*Task description*.
Here the job is to return only the lines of the material, exactly, from the first one to the line with "## What's that?".

*The data*.
--------------------
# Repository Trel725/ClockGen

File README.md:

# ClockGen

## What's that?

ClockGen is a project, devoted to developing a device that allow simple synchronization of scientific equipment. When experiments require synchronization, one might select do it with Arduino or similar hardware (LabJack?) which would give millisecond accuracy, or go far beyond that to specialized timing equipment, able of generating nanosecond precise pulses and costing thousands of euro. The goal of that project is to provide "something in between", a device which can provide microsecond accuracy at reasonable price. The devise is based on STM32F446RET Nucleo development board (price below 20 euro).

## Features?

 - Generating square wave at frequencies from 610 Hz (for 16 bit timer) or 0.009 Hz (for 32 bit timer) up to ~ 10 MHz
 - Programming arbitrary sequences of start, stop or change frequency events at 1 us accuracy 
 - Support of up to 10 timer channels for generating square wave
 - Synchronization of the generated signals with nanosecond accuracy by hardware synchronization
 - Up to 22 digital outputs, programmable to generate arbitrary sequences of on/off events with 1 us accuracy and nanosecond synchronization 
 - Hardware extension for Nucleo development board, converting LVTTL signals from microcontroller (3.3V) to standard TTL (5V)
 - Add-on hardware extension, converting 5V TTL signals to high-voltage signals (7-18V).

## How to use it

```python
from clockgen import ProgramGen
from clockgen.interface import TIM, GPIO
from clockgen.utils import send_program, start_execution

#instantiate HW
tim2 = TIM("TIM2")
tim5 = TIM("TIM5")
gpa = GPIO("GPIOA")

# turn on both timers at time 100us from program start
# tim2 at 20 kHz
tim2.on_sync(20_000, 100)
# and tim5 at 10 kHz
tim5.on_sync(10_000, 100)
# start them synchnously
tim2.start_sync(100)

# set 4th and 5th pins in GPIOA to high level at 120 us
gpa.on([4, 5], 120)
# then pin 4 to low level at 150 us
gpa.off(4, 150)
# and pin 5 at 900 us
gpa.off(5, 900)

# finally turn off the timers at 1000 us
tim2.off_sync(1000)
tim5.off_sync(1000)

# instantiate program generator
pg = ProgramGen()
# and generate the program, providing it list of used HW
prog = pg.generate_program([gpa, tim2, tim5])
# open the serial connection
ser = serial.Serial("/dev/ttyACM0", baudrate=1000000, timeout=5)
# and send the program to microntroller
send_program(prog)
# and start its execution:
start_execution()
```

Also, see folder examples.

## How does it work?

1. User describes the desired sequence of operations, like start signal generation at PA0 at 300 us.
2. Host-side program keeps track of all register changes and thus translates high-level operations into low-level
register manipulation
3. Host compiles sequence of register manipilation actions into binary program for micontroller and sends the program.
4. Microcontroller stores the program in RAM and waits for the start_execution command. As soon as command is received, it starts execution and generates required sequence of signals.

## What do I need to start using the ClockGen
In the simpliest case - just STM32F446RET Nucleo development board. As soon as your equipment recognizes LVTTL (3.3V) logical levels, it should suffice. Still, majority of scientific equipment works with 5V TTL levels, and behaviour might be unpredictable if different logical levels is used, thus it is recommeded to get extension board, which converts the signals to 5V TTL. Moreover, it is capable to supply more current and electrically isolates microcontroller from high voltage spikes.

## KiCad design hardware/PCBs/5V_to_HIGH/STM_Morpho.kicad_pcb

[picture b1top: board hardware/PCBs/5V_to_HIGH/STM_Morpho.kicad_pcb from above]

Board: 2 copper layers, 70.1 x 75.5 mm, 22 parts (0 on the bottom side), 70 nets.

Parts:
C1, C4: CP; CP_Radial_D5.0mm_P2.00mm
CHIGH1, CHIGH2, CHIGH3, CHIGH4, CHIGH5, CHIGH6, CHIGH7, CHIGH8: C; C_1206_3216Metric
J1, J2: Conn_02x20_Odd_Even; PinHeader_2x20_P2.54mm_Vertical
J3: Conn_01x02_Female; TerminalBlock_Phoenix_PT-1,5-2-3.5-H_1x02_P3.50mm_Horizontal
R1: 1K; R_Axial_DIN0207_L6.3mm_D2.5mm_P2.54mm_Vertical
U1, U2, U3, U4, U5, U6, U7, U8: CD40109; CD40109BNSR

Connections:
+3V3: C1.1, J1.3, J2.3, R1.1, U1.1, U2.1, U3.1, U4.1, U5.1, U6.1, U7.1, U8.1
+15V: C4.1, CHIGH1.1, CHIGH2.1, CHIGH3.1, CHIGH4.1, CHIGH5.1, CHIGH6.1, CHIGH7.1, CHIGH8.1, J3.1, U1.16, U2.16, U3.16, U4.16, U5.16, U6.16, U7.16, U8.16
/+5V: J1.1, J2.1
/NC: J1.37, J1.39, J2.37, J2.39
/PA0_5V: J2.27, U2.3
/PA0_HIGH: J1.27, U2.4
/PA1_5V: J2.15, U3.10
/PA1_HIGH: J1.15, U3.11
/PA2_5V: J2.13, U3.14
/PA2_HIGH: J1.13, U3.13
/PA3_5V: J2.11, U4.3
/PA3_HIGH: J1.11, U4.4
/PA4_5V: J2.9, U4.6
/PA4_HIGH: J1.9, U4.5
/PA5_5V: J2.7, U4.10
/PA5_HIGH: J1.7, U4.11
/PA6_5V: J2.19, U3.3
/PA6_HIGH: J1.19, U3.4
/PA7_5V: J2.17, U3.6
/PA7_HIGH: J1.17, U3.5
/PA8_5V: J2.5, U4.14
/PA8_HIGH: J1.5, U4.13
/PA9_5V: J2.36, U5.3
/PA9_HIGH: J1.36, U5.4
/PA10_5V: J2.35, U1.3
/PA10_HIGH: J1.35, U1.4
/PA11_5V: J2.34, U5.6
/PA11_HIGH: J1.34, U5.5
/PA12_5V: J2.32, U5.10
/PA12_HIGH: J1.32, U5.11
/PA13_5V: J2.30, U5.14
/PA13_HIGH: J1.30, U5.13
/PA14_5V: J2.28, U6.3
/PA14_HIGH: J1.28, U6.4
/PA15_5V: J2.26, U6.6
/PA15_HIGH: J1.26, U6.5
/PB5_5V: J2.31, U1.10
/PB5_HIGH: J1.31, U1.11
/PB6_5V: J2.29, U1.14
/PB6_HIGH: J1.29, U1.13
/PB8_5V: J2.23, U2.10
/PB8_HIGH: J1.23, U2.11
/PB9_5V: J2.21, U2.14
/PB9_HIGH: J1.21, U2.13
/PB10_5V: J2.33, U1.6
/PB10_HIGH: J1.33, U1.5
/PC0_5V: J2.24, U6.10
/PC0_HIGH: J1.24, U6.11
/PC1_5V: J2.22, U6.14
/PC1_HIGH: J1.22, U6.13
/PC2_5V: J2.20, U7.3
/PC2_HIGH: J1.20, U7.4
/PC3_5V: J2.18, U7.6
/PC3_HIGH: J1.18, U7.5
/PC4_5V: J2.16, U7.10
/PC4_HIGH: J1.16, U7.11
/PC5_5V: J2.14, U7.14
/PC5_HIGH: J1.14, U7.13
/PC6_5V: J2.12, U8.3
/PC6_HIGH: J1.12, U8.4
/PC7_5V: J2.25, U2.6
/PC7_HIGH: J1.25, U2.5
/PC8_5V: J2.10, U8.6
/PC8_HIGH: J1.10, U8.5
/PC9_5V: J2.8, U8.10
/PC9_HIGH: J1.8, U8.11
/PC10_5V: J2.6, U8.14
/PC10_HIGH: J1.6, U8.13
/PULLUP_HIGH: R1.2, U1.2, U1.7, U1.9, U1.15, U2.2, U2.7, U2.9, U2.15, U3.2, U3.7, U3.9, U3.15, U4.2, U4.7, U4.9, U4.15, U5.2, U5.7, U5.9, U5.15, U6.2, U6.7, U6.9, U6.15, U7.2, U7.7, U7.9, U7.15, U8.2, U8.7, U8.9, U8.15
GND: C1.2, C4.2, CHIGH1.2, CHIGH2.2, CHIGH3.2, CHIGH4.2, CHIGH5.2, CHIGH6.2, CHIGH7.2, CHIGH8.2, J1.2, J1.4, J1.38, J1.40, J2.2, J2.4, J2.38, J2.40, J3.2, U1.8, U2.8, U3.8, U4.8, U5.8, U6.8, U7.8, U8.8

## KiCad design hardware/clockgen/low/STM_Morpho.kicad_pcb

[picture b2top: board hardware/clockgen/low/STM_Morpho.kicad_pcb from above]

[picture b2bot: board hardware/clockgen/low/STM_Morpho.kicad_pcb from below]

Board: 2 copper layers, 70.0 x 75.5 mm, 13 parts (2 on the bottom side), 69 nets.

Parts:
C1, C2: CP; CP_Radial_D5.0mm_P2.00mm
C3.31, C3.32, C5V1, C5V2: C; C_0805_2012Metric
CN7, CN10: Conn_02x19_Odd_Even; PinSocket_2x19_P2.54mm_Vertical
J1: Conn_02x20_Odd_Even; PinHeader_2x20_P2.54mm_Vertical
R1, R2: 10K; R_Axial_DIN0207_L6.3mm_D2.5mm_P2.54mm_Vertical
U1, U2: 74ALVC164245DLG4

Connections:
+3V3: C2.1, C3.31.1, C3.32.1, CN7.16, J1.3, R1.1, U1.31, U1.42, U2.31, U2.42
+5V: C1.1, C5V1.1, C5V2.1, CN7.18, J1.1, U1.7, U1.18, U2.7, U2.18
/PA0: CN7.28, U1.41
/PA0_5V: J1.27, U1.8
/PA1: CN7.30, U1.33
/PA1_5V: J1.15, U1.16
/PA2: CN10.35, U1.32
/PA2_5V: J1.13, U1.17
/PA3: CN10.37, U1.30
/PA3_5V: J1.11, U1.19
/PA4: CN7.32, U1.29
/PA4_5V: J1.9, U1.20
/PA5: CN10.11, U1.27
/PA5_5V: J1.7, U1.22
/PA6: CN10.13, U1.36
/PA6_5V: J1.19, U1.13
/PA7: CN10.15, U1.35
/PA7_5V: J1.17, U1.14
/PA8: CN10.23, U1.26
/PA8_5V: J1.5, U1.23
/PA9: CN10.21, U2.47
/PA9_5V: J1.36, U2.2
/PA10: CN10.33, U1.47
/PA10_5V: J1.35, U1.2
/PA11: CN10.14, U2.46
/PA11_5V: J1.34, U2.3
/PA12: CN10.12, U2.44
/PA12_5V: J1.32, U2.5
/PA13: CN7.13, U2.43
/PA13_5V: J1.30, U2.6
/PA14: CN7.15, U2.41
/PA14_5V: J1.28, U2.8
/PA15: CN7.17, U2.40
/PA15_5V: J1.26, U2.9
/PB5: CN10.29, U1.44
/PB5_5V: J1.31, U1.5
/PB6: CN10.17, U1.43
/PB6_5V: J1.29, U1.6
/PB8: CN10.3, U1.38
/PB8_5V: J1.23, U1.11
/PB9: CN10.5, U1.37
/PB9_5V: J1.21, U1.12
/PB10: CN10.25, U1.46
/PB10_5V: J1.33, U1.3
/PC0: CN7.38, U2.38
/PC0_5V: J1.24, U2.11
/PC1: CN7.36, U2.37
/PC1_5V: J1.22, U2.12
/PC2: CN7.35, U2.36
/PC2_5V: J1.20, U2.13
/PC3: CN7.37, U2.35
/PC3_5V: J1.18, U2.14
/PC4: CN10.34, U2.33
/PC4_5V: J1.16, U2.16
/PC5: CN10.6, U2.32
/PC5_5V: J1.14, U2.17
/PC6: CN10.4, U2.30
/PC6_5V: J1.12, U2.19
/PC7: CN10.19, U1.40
--------------------
*Reply to the task*.
# Repository Trel725/ClockGen

File README.md:

# ClockGen

## What's that?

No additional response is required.